TIJDSCHRIFT VOOR DE VOLKSHUISVESTING
NUMMER 4 AUGUSTUS 2014
ACHTERGROND
Het is niet bekend welk deel van de 65.000 mensen die bij de maatschappelijke opvang aankloppen uit een huur- of koopwoning is gezet. Wel is duidelijk dat het vooral jongeren en alleenstaande volwassenen betreft. Voor gezinnen die zich melden wordt, indien er geen plek is, altijd de hulp van de GG&GD ingeroepen. “Die heeft namelijk de bevoegdheid om alle middelen in te zetten om aan tijdelijke huisvesting te komen. Daardoor kunnen mensen desnoods in hotels of vakantiehuisjes worden ondergebracht.
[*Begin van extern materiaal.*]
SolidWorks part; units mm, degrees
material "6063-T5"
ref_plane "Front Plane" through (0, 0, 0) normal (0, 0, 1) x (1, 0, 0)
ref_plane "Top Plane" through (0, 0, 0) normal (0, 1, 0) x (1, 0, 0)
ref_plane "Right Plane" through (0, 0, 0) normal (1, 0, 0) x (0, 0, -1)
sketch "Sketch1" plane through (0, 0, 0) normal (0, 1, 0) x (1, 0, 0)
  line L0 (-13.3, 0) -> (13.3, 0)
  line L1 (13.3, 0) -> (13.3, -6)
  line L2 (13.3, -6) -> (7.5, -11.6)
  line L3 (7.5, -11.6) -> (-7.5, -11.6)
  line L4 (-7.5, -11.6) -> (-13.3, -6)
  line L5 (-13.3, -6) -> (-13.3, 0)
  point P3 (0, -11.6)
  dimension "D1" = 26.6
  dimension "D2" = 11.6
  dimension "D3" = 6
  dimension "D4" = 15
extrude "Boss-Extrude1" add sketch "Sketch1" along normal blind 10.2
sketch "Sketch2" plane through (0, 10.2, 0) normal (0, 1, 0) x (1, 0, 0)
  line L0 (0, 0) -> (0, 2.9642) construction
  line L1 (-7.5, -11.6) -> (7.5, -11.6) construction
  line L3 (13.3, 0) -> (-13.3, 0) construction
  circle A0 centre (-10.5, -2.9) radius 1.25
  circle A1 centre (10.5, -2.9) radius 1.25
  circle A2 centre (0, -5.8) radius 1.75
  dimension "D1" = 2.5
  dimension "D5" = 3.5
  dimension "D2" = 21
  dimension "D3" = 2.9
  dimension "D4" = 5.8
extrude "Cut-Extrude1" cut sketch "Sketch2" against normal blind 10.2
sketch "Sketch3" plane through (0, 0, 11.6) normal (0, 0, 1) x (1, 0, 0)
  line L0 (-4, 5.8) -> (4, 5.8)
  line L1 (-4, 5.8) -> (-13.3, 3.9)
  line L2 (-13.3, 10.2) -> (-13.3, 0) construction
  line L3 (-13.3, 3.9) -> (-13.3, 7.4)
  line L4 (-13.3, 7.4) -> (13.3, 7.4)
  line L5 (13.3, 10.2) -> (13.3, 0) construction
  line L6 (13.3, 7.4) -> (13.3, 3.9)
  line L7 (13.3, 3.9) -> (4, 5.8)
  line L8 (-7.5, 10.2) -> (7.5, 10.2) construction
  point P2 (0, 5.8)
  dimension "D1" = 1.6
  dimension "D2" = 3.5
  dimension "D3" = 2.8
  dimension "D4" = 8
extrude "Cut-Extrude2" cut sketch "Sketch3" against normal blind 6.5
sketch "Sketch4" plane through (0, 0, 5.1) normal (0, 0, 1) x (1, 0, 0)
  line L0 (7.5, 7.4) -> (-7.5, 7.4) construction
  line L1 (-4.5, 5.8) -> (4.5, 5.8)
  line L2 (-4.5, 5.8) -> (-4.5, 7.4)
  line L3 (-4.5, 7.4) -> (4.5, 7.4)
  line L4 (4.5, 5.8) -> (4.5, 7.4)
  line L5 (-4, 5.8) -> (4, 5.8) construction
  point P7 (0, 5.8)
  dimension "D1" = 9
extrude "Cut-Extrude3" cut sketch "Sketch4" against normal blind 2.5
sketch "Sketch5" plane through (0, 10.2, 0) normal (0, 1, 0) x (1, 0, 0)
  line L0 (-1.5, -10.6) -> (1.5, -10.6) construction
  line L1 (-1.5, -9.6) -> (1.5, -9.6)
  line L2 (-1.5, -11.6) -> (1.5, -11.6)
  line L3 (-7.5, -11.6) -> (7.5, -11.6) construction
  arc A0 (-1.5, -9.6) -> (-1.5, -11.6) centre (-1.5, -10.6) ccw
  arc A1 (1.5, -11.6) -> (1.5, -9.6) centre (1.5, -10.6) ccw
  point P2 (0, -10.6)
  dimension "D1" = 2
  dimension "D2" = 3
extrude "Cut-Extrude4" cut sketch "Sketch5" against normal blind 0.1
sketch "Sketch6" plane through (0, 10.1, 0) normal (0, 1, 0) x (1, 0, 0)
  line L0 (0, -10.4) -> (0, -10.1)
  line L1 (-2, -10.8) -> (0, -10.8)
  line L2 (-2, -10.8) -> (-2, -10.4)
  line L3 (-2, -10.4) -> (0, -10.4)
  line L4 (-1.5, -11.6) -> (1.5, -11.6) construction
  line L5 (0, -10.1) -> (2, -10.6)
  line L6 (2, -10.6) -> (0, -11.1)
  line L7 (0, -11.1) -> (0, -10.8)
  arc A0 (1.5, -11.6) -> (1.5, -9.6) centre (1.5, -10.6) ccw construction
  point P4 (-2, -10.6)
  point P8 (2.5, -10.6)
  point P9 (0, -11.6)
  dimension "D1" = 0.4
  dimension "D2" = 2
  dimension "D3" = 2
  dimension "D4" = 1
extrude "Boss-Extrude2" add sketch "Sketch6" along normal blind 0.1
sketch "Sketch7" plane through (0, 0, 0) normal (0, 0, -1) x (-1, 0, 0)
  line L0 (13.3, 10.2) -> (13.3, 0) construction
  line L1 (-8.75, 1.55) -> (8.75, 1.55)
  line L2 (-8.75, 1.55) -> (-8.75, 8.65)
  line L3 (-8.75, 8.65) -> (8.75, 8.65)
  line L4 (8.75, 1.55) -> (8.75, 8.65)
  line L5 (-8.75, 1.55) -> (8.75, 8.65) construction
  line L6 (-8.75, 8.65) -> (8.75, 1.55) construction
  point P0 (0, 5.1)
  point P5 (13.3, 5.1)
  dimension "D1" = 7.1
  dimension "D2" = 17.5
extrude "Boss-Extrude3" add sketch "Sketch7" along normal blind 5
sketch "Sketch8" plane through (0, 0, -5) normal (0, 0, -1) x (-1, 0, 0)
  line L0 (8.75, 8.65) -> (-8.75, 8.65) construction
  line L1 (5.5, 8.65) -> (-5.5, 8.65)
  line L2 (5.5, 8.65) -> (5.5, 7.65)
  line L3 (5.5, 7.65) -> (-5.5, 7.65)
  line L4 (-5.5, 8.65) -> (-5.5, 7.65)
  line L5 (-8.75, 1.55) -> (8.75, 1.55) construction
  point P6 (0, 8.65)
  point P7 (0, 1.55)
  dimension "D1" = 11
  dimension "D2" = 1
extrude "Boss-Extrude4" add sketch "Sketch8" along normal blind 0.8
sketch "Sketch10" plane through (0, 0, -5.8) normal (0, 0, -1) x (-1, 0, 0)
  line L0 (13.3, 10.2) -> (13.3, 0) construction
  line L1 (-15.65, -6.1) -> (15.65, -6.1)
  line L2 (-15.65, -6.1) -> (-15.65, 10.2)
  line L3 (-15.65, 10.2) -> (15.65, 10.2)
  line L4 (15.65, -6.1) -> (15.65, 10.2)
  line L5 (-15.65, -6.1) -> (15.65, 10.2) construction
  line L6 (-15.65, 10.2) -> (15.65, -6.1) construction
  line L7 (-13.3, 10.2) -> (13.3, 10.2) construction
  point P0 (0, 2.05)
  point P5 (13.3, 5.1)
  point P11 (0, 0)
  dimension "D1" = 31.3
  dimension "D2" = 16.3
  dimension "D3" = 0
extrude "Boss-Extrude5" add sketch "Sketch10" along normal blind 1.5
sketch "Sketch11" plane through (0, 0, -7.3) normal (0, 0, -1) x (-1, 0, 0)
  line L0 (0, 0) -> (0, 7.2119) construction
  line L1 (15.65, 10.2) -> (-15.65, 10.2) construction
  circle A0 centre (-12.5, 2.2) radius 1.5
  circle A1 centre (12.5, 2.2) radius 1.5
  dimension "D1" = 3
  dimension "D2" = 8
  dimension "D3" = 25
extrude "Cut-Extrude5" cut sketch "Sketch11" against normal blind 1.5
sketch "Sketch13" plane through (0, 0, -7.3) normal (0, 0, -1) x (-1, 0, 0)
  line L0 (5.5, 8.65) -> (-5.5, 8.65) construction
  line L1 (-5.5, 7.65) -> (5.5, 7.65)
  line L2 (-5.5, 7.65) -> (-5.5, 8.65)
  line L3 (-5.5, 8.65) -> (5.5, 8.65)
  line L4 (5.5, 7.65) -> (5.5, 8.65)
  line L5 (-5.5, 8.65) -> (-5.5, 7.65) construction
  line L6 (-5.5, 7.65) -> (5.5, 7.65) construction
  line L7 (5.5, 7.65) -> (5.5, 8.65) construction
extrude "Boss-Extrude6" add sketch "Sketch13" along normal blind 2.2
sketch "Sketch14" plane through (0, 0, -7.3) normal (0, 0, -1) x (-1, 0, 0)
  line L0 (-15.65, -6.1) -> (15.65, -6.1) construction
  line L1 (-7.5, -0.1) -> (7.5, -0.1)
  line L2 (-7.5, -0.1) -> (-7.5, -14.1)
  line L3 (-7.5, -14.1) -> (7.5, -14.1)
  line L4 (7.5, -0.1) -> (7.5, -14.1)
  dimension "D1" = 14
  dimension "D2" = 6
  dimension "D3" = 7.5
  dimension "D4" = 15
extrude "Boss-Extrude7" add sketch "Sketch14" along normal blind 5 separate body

Maar het gebeurt ook dat gezinnen uit elkaar worden gehaald, dat de ouders in de nachtopvang worden geplaats en de kinderen in de crisisopvang van de jeugdzorg. Maar dat probeert men zoveel mogelijk te voorkomen.” In het geval dat alle mogelijkheden lijken te zijn uitgeput, wordt er volgens Beers ‘opgeschaald’ tot het niveau van de wethouder of burgemeester. “Die heeft nog meer instrumenten tot zijn of haar beschikking om de gewenste voorziening te treffen. En ja, dat komt zeker voor.” De aanhoudende stijging van het aantal mensen dat in een problematische schuldpositie verkeert, baart de Federatie al enige jaren zorgen. “Wij vinden het dan ook heel erg nodig om meer aan preventie te doen. Gemeenten, woningcorporaties, de banken: wij vinden dat ze allemaal veel alerter zouden moeten reageren op betalingsachterstanden.”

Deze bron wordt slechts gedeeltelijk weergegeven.